**** TASK DATA ****

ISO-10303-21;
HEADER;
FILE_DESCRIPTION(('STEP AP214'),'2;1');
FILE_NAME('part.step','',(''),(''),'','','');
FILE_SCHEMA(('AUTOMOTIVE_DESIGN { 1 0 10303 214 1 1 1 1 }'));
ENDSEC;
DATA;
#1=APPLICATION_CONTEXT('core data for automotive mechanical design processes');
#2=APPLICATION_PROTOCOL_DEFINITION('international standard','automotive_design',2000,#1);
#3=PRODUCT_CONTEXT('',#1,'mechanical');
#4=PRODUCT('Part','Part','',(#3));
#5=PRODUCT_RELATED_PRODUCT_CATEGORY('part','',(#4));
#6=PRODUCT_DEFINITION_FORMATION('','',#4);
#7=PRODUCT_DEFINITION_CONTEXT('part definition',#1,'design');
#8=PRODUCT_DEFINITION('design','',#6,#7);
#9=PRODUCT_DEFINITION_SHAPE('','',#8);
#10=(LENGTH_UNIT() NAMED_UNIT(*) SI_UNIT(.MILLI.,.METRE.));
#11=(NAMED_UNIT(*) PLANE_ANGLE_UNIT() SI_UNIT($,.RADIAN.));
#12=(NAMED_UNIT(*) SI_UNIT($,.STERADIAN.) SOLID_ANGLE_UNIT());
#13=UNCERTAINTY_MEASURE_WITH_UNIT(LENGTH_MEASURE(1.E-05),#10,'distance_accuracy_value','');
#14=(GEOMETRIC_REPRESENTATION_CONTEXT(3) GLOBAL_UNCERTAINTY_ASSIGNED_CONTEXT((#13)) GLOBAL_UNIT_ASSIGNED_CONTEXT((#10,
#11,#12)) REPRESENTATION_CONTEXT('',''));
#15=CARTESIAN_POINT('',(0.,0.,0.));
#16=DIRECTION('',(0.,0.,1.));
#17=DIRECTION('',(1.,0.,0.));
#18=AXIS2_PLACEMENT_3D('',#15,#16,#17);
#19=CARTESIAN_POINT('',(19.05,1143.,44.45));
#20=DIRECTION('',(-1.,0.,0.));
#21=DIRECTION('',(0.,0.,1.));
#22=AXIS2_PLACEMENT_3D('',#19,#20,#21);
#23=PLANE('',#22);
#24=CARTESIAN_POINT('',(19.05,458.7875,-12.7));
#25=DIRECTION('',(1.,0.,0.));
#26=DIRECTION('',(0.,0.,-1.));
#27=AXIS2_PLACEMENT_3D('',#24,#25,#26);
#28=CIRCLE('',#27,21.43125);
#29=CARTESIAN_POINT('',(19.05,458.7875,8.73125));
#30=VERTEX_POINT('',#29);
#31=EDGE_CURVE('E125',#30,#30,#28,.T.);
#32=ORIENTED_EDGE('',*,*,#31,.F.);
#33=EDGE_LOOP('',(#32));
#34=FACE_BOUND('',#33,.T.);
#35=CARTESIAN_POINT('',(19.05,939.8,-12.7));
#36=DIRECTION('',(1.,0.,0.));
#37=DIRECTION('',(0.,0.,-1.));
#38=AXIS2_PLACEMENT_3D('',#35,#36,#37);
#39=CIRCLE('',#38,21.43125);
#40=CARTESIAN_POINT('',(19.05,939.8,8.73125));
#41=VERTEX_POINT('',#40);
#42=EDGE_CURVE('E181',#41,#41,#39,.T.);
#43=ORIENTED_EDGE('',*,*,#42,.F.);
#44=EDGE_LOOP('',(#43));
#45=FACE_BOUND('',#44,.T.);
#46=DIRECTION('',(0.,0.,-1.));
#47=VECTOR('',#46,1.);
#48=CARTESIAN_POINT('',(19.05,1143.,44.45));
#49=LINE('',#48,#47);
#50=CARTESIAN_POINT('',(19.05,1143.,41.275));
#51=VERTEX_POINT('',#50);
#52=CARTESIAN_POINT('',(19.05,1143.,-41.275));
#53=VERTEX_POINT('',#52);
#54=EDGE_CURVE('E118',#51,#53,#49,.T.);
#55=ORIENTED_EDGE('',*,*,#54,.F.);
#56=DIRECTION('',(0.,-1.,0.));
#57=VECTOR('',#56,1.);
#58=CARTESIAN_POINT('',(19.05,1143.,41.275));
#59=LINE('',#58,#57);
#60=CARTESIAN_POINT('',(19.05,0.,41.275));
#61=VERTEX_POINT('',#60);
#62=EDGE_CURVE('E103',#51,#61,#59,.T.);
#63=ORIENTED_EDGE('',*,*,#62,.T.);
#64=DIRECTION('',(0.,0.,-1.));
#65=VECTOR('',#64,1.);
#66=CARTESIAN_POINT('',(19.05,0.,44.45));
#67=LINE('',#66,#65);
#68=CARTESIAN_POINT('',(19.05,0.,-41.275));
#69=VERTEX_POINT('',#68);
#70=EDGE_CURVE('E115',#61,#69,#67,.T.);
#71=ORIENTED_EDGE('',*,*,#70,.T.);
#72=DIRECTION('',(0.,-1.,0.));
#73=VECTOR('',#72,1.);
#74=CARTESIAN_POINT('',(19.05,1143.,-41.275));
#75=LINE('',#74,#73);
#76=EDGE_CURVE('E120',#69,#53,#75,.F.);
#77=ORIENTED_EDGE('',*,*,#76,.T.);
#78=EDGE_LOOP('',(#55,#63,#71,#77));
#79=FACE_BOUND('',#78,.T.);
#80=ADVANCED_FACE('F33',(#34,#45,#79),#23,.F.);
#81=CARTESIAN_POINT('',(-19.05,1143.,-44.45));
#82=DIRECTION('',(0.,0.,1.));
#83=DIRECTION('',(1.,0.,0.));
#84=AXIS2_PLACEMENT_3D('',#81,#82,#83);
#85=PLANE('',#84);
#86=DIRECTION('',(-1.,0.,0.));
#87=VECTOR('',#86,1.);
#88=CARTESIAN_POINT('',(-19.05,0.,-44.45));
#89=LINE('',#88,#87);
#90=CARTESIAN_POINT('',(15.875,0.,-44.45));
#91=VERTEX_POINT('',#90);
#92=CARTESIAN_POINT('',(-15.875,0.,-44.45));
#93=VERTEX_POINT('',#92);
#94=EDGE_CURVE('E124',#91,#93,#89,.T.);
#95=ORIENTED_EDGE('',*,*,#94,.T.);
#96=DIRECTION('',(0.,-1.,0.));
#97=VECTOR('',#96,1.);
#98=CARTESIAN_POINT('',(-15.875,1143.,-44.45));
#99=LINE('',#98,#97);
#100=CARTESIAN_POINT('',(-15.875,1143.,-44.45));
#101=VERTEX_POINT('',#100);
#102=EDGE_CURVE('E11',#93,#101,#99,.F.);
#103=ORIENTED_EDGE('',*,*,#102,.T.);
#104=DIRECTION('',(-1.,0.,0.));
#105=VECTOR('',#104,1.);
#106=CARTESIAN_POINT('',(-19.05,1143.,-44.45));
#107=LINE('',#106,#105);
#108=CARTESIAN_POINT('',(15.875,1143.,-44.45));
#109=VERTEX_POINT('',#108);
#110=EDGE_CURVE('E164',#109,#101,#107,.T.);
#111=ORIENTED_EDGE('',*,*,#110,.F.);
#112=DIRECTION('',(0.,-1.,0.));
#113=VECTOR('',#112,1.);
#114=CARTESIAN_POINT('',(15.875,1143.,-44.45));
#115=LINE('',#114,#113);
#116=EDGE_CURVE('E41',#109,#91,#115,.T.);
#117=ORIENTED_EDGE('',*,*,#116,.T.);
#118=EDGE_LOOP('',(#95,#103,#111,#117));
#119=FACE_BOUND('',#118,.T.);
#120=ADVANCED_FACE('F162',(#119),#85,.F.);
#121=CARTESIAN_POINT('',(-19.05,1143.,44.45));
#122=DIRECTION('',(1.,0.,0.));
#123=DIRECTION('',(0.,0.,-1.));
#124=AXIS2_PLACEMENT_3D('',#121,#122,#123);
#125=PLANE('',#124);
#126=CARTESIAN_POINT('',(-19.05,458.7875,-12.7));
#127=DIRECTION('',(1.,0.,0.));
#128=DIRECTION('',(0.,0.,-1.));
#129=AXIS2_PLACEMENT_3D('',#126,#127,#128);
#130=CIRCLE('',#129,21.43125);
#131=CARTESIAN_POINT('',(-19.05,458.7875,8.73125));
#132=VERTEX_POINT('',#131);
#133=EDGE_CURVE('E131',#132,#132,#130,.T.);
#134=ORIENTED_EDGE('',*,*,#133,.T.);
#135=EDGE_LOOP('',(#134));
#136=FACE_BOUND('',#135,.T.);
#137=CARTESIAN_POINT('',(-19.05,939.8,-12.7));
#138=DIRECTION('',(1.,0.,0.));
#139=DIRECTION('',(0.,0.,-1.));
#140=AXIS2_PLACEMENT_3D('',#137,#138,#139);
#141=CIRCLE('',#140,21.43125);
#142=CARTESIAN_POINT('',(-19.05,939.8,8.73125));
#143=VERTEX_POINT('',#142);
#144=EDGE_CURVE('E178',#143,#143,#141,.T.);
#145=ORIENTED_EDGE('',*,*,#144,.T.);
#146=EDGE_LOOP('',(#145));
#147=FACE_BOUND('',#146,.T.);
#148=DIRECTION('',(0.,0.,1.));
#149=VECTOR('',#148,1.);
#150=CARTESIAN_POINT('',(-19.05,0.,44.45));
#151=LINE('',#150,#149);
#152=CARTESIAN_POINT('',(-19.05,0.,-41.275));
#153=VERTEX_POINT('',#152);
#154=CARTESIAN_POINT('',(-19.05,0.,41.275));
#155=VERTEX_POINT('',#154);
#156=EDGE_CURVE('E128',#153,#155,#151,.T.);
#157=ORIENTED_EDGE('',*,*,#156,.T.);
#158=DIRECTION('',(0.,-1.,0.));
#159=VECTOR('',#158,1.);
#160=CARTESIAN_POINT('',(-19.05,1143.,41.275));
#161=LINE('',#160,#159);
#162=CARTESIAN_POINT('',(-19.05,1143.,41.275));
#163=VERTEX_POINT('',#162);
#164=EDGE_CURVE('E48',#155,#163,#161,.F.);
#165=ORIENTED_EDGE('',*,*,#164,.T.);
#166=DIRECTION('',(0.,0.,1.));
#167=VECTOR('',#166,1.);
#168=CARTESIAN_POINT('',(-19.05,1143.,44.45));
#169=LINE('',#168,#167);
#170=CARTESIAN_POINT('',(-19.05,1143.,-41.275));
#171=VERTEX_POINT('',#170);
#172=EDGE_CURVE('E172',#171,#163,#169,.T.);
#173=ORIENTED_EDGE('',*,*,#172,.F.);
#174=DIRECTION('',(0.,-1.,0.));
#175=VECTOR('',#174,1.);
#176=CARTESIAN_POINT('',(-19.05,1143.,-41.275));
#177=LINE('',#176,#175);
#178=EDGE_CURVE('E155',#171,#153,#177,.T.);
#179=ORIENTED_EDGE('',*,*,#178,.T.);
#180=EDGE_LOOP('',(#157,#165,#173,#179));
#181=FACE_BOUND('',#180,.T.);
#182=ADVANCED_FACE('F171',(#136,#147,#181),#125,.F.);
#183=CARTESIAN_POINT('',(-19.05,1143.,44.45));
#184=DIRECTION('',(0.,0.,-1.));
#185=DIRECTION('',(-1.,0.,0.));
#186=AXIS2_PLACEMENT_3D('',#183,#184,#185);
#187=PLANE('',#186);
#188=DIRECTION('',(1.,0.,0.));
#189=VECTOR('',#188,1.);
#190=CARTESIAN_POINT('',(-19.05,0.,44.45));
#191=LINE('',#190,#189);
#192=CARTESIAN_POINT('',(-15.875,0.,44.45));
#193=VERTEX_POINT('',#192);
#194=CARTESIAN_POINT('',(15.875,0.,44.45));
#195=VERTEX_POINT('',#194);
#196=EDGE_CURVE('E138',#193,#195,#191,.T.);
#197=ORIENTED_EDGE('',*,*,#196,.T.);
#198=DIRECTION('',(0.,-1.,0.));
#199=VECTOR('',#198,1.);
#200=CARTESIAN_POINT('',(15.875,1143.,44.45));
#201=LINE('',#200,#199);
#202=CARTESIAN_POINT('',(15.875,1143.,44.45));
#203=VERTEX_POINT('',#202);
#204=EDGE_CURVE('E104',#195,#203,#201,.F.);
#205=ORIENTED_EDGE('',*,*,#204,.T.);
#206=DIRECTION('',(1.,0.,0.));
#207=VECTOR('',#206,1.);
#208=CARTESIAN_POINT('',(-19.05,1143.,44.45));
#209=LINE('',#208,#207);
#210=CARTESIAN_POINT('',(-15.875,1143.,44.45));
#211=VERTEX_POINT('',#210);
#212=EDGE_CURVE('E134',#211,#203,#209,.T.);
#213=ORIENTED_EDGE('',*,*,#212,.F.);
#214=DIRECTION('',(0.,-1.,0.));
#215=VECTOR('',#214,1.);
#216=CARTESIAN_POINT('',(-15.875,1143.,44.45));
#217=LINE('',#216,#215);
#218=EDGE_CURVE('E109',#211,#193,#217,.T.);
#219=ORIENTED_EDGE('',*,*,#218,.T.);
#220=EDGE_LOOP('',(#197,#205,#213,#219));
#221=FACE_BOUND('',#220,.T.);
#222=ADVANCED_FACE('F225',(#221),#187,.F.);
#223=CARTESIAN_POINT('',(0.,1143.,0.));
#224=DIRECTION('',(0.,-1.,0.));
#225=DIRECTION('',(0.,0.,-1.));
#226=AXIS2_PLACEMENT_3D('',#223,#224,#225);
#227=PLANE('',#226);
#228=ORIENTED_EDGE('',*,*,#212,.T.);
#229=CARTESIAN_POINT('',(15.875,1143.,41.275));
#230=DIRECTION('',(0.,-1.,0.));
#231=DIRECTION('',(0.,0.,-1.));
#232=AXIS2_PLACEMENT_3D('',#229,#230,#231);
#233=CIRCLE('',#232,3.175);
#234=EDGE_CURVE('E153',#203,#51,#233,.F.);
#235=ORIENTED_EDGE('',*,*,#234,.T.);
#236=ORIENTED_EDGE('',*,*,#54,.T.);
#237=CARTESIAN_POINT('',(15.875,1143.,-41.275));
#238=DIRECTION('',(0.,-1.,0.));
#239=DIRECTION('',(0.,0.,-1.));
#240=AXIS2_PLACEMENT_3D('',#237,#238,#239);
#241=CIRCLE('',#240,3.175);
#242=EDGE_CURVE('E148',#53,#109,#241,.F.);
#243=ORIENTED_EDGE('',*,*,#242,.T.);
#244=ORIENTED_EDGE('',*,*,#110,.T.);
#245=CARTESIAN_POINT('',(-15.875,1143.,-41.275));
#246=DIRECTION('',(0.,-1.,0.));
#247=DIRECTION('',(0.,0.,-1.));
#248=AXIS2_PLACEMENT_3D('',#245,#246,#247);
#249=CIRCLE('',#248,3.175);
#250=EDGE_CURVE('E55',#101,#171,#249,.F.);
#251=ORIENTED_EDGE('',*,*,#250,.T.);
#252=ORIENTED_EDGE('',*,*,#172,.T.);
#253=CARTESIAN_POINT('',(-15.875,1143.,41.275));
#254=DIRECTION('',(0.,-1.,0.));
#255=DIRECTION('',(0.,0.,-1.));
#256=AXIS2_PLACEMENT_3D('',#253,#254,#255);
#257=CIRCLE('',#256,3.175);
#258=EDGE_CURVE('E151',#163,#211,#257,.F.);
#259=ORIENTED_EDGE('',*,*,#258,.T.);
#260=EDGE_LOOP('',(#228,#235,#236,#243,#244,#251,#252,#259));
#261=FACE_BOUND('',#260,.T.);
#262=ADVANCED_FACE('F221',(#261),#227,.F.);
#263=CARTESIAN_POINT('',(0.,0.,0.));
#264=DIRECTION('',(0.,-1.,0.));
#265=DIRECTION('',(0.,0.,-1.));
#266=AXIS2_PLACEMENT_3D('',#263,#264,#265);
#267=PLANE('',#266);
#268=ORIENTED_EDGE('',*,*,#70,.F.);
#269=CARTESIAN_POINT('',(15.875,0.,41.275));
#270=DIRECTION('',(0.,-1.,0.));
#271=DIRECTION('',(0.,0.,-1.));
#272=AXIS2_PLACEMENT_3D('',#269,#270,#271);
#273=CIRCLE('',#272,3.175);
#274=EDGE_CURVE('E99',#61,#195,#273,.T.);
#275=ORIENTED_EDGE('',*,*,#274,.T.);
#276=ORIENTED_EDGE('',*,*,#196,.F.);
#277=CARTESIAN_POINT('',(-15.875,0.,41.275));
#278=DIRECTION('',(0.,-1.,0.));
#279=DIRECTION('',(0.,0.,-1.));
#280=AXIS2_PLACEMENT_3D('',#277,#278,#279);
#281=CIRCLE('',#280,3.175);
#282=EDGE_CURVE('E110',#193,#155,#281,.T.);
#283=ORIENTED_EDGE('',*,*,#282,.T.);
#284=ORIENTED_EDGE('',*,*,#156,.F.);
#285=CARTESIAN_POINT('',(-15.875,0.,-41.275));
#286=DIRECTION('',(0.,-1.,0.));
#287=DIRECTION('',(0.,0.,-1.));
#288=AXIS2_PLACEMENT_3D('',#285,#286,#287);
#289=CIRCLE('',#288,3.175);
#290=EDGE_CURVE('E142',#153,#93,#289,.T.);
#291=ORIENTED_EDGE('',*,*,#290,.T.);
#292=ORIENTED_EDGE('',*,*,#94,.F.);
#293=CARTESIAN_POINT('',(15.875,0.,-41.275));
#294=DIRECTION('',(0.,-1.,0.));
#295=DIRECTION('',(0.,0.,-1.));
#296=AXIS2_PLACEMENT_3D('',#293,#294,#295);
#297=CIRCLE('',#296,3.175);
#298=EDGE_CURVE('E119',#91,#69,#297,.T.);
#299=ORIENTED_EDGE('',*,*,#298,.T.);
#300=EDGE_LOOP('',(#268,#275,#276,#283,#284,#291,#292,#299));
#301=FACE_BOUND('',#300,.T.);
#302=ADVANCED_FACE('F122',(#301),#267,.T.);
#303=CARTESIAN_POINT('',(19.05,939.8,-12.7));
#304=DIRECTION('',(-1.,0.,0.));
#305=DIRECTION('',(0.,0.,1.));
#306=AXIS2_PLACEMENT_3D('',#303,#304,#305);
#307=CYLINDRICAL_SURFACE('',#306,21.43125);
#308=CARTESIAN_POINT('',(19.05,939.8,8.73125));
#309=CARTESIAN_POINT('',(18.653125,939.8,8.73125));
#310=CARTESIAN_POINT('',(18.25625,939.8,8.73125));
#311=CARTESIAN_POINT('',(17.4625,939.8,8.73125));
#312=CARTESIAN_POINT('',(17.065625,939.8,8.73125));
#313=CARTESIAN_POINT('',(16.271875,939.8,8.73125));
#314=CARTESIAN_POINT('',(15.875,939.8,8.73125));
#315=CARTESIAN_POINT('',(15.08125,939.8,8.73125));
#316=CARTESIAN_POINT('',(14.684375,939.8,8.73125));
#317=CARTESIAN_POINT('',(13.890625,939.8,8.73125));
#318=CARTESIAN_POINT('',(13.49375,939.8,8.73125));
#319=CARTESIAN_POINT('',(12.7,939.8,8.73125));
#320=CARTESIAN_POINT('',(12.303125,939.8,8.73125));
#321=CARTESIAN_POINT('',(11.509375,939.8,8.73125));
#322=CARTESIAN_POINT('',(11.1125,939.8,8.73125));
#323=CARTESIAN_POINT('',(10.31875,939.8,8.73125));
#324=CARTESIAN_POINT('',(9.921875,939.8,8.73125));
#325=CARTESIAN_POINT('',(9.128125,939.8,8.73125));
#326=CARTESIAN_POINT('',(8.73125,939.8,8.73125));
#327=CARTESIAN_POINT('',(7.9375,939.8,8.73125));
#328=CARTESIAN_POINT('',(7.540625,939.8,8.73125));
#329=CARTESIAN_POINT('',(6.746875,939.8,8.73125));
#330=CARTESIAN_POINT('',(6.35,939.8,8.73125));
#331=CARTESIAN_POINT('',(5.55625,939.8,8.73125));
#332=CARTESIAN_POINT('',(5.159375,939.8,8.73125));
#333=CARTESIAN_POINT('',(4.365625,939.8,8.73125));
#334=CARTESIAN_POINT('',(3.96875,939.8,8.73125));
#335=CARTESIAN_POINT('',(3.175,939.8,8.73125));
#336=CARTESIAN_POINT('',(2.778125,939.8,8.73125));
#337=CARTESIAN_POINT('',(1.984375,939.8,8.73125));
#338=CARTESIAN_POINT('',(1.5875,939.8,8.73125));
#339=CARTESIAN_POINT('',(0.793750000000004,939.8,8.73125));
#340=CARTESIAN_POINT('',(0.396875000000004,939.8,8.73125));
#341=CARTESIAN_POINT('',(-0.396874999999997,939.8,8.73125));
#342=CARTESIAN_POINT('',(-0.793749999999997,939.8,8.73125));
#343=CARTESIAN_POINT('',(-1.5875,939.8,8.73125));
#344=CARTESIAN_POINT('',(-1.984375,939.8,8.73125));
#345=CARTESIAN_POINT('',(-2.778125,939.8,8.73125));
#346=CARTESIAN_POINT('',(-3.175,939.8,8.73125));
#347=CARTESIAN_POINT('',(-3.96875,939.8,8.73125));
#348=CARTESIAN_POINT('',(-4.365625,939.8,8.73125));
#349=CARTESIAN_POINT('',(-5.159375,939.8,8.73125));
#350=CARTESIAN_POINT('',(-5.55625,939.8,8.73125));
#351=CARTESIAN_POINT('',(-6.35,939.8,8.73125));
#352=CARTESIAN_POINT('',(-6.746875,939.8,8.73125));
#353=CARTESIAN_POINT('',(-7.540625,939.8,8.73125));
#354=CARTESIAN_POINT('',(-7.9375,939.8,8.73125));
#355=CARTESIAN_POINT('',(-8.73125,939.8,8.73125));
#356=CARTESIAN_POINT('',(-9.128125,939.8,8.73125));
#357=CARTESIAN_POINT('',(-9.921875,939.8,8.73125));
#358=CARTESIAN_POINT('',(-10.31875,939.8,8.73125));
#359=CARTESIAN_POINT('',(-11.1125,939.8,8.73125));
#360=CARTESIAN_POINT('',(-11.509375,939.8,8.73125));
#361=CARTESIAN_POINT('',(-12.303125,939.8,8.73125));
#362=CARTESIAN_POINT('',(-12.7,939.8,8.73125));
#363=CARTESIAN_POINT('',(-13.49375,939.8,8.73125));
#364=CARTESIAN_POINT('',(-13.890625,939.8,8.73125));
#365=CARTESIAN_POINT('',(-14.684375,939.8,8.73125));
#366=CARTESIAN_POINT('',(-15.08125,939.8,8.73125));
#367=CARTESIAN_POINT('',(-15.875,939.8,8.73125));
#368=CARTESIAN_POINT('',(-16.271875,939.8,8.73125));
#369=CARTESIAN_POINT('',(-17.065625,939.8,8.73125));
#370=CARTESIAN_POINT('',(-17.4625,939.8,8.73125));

****

=== WHAT TO DO ===
Begin with the line that contains "#365=CARTESIAN_POINT('',(-14.684375,939.8,8.73125));" and print each line exactly until the data ends, including the last line.

=== TASK SOLUTION ===
#365=CARTESIAN_POINT('',(-14.684375,939.8,8.73125));
#366=CARTESIAN_POINT('',(-15.08125,939.8,8.73125));
#367=CARTESIAN_POINT('',(-15.875,939.8,8.73125));
#368=CARTESIAN_POINT('',(-16.271875,939.8,8.73125));
#369=CARTESIAN_POINT('',(-17.065625,939.8,8.73125));
#370=CARTESIAN_POINT('',(-17.4625,939.8,8.73125));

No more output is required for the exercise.